The capital of Massachusetts has already migrated approximately 76,000 city employees to Google Apps.

That covers every municipal entity ranging from the Boston Police Department to all teachers in the school district -- along with more than 50,000 public school students as well.

Highlighting that it was already named the most digital city nationwide last year by the Center for Digital Government, Boston's chief information officer Bill Oates noted further on the Google Enterprise Blog on Monday that these different departments, such as the school district, were previously operating on "very separate" environments.

Oates's comments suggested that such an upgrade was in the works -- or at least needed -- for some time now, reflecting a common revelation at many government agencies worldwide these days.

Here's more about the city of Boston's decision process, according to Oates:

As the city evaluated an upgrade to communication and collaboration infrastructure, we clearly saw cloud services as the most cost effective, supportable platform to address our future needs.

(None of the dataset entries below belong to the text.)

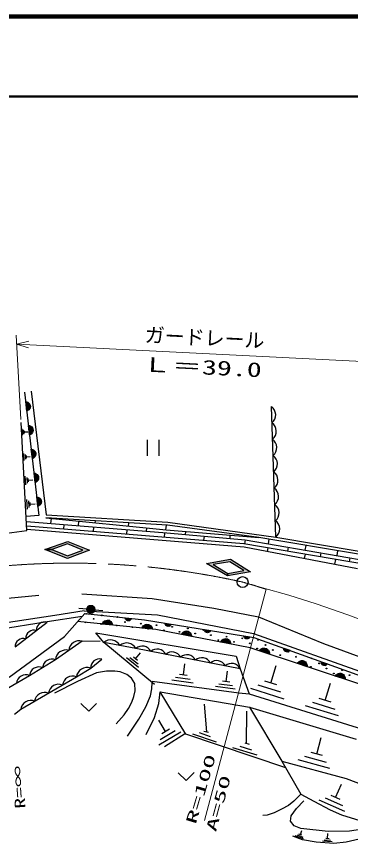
# Model space of a CAD drawing. Units: millimetres, scale not verified. Extents: x 40000 to 680000, y 20000 to 380000.
# Drawn here: x 458683 to 500493, y 276618 to 380000 of the extents above; entities that cross this region are included whole.
import ezdxf
from ezdxf.enums import TextEntityAlignment as Align

# ---------------------------------------------------------------- set-up
doc = ezdxf.new("R2010")
doc.units = ezdxf.units.MM
doc.header["$LTSCALE"] = 1000
doc.linetypes.add('CHAIN', pattern=[18.5, 12, -1.5, 3.5, -1.5])
for name, color, linetype, lineweight in [('M-BGD', 7, 'Continuous', 25), ('M-BMK', 2, 'CHAIN', 13), ('M-BMK-SRVR', 3, 'Continuous', 25), ('M-STR-HTXT', 7, 'Continuous', 13), ('M-STR-STRC', 7, 'Continuous', 25), ('M-TTL', 2, 'Continuous', 140), ('M-TTL-LINE', 7, 'Continuous', 50)]:
    doc.layers.add(name, color=color, linetype=linetype, lineweight=lineweight)
doc.styles.add('ＭＳ ゴシック', font='')
doc.styles.get('ＭＳ ゴシック').set_extended_font_data('MS Gothic')

msp = doc.modelspace()

# ---------------------------------------------------------------- hatches: boundary and pattern name
at = {"layer": 'M-STR-STRC'}
for points in [[(465090, 314388), (467813, 313274), (465063, 312264), (462229, 313368), (463088, 313355), (465066, 312585), (466984, 313289), (465082, 314067), (463088, 313355), (462229, 313368)], [(482472, 311637), (485464, 312156), (487958, 310595), (485076, 310067), (485134, 310383), (487144, 310751), (485402, 311841), (483315, 311479), (485134, 310383), (485076, 310067)]]:
    msp.add_hatch(color=256, dxfattribs=at).paths.add_polyline_path(points)

# ---------------------------------------------------------------- linework, layer by layer
at = {"layer": 'M-BGD'}
for p, q in [((459699, 333023), (461494, 317604)), ((460535, 333153), (462400, 317709)), ((459833, 331869), (459982, 331838)), ((459972, 330677), (459833, 331869)), ((460038, 330733), (459910, 331830)), ((459982, 331838), (460109, 331780)), ((459985, 331814), (460107, 330765)), ((460176, 330797), (460059, 331799)), ((460109, 331780), (460242, 331675)), ((460220, 330827), (460110, 330741)), ((460139, 331736), (460239, 330877)), ((460302, 330957), (460219, 331672)), ((460326, 330960), (460220, 330827)), ((460242, 331675), (460328, 331564)), ((460304, 331561), (460360, 331085)), ((460383, 331087), (460326, 330960)), ((460328, 331564), (460392, 331427)), ((460414, 331236), (460383, 331087)), ((460392, 331427), (460414, 331236)), ((491166, 314927), (490593, 331237)), ((460110, 330741), (459972, 330677)), ((459990, 315726), (459269, 329266)), ((460180, 328889), (460329, 328858)), ((460319, 327697), (460180, 328889)), ((460385, 327753), (460257, 328850)), ((460329, 328858), (460456, 328801)), ((460332, 328834), (460454, 327786)), ((460523, 327818), (460406, 328819)), ((460456, 328801), (460589, 328695)), ((460486, 328756), (460586, 327898)), ((459442, 327646), (459397, 328445)), ((459532, 328324), (459563, 327781)), ((459683, 327916), (459667, 328204)), ((459675, 328060), (460091, 328083)), ((460457, 327762), (460319, 327697)), ((460567, 327847), (460457, 327762)), ((460649, 327977), (460566, 328693)), ((460673, 327980), (460567, 327847)), ((460589, 328695), (460675, 328584)), ((460651, 328582), (460707, 328105)), ((460730, 328108), (460673, 327980)), ((460675, 328584), (460739, 328447)), ((460761, 328256), (460730, 328108)), ((460739, 328447), (460761, 328256)), ((475039, 327092), (475041, 325092)), ((476561, 325094), (476559, 327094)), ((460527, 325909), (460676, 325878)), ((460666, 324718), (460527, 325909)), ((460732, 324774), (460604, 325870)), ((460676, 325878), (460803, 325821)), ((460679, 325855), (460801, 324806)), ((460869, 324838), (460753, 325839)), ((460803, 325821), (460936, 325715)), ((460833, 325776), (460933, 324918)), ((460996, 324998), (460913, 325713)), ((460936, 325715), (461022, 325605)), ((459660, 324493), (459609, 325391)), ((459761, 325256), (459796, 324645)), ((459931, 324796), (459913, 325120)), ((459922, 324958), (460389, 324984)), ((460804, 324782), (460666, 324718)), ((460914, 324867), (460804, 324782)), ((461020, 325000), (460914, 324867)), ((460998, 325602), (461054, 325125)), ((461077, 325128), (461020, 325000)), ((461022, 325605), (461086, 325467)), ((461108, 325276), (461077, 325128)), ((461086, 325467), (461108, 325276)), ((459833, 321459), (459771, 322557)), ((460874, 322930), (461023, 322899)), ((461013, 321738), (460874, 322930)), ((461079, 321794), (460951, 322890)), ((461023, 322899), (461150, 322841)), ((461026, 322875), (461148, 321826)), ((461216, 321858), (461100, 322859)), ((461150, 322841), (461283, 322736)), ((461180, 322796), (461280, 321938)), ((461343, 322018), (461260, 322733)), ((461283, 322736), (461369, 322625)), ((461345, 322622), (461400, 322145)), ((461369, 322625), (461433, 322487)), ((459957, 322391), (459999, 321645)), ((460164, 321830), (460142, 322226)), ((460153, 322028), (460724, 322060)), ((461150, 321802), (461013, 321738)), ((461261, 321887), (461150, 321802)), ((461367, 322021), (461261, 321887)), ((461424, 322148), (461367, 322021)), ((461455, 322297), (461424, 322148)), ((461433, 322487), (461455, 322297)), ((460041, 318427), (459973, 319625)), ((461221, 319950), (461370, 319919)), ((461360, 318758), (461221, 319950)), ((461426, 318814), (461298, 319910)), ((461370, 319919), (461497, 319861)), ((461373, 319895), (461495, 318846)), ((461563, 318878), (461447, 319879)), ((461497, 319861), (461630, 319756)), ((461527, 319816), (461627, 318958)), ((461690, 319038), (461607, 319753)), ((461630, 319756), (461716, 319645)), ((461692, 319642), (461747, 319165)), ((461716, 319645), (461780, 319508)), ((461780, 319508), (461802, 319317)), ((460176, 319444), (460222, 318630)), ((460403, 318832), (460378, 319264)), ((460390, 319048), (461013, 319083)), ((461497, 318822), (461360, 318758)), ((461608, 318908), (461497, 318822)), ((461714, 319041), (461608, 318908)), ((461771, 319168), (461714, 319041)), ((461802, 319317), (461771, 319168)), ((461494, 317604), (459895, 317508)), ((462400, 317709), (477639, 316807)), ((459930, 316854), (477505, 315448)), ((462352, 317332), (477403, 315813)), ((477591, 316418), (462352, 317332)), ((462992, 316609), (463058, 317261)), ((464620, 315911), (464666, 316475)), ((466451, 316919), (466405, 316336)), ((468533, 316962), (468508, 316711)), ((472692, 316712), (472650, 316293)), ((477401, 316430), (477345, 315826)), ((489037, 314887), (477591, 316418)), ((477639, 316807), (491166, 314927)), ((457475, 315416), (459990, 315726)), ((487135, 314081), (459960, 316289)), ((459980, 315915), (487171, 313686)), ((468327, 315609), (468372, 316179)), ((472509, 315270), (472555, 315844)), ((474961, 315652), (475002, 316055)), ((477220, 314887), (477268, 315466)), ((477403, 315813), (489037, 314887)), ((477505, 315448), (487306, 314598)), ((479857, 315244), (479886, 315615)), ((482154, 314486), (482202, 315041)), ((485408, 315176), (485372, 314766)), ((487278, 314057), (487341, 314568)), ((487306, 314598), (502812, 311907)), ((501485, 312765), (489037, 314887)), ((490287, 314674), (490187, 314098)), ((491166, 314927), (501599, 313151)), ((502643, 311447), (487135, 314081)), ((487171, 313686), (501377, 310976)), ((490123, 313123), (490197, 313561)), ((492699, 313662), (492612, 313151)), ((494895, 313888), (494793, 313299)), ((494751, 312240), (494842, 312772)), ((496789, 312952), (496704, 312456)), ((498869, 313211), (498765, 312609)), ((500406, 312324), (500323, 311841)), ((498549, 311515), (498653, 312125)), ((452028, 306738), (461480, 307664)), ((466842, 307810), (475677, 307235)), ((475677, 307235), (483368, 306042)), ((483368, 306042), (488995, 304952)), ((463485, 305130), (451726, 303327)), ((462503, 304369), (466883, 305018)), ((467133, 305711), (463485, 305130)), ((464673, 302499), (467226, 305386)), ((467482, 305923), (466485, 305994)), ((467133, 305711), (476348, 305187)), ((467226, 305386), (474716, 304561)), ((468479, 305840), (469474, 305745)), ((476348, 305187), (488362, 302863)), ((453473, 302916), (462503, 304369)), ((458504, 301182), (462512, 304284)), ((476145, 303364), (466319, 304361)), ((469416, 304046), (469484, 304196)), ((470709, 303915), (469416, 304046)), ((470666, 303998), (469476, 304119)), ((469484, 304196), (469574, 304318)), ((469509, 304194), (470648, 304078)), ((470630, 304159), (469543, 304269)), ((469574, 304318), (469717, 304434)), ((469629, 304338), (470560, 304244)), ((470490, 304330), (469714, 304408)), ((469717, 304434), (469854, 304499)), ((469851, 304473), (470369, 304420)), ((469854, 304499), (470014, 304535)), ((470014, 304535), (470221, 304514)), ((470221, 304514), (470371, 304446)), ((470371, 304446), (470493, 304355)), ((470493, 304355), (470609, 304213)), ((470609, 304213), (470673, 304076)), ((470673, 304076), (470709, 303915)), ((472290, 304732), (472269, 304831)), ((472269, 304831), (473064, 304743)), ((472329, 304647), (472290, 304732)), ((473025, 304683), (472294, 304764)), ((472319, 304697), (472986, 304623)), ((472400, 304559), (472329, 304647)), ((472932, 304565), (472359, 304628)), ((472474, 304502), (472400, 304559)), ((472416, 304557), (472861, 304508)), ((472566, 304460), (472474, 304502)), ((472760, 304471), (472506, 304499)), ((472693, 304446), (472566, 304460)), ((472792, 304467), (472693, 304446)), ((472877, 304506), (472792, 304467)), ((472965, 304577), (472877, 304506)), ((473022, 304651), (472965, 304577)), ((473064, 304743), (473022, 304651)), ((474691, 303930), (474828, 303994)), ((474716, 304561), (488404, 302387)), ((474826, 303968), (475343, 303916)), ((474828, 303994), (474989, 304030)), ((474989, 304030), (475196, 304009)), ((475196, 304009), (475346, 303942)), ((477286, 304056), (477269, 304156)), ((477269, 304156), (478059, 304030)), ((477321, 303969), (477286, 304056)), ((478018, 303972), (477291, 304088)), ((477313, 304019), (477976, 303914)), ((477387, 303878), (477321, 303969)), ((477919, 303858), (477350, 303949)), ((478059, 304030), (478013, 303940)), ((488995, 304952), (497134, 301628)), ((469615, 301736), (468603, 302963)), ((468603, 302963), (486192, 300023)), ((474390, 303542), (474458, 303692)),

In 2013, following an extensive review of the market, the city initiated a rigorous RFP process that attracted an wide array of bids, including multiple Microsoft and Google cloud offerings. A selection committee composed of members from our City IT organization, Boston Police, and Boston Public Schools evaluated 10 proposals based on both cost and technical capabilities. The committee unanimously chose Google Apps based on its ability to meet the needs of a fast moving city while providing a secure cloud environment.

Along with setting up each public employee with a Google Apps account on top of a Boston.gov account, Oates asserted that Google Apps will serve as "the center" for all cloud-based collaboration and communications going forward.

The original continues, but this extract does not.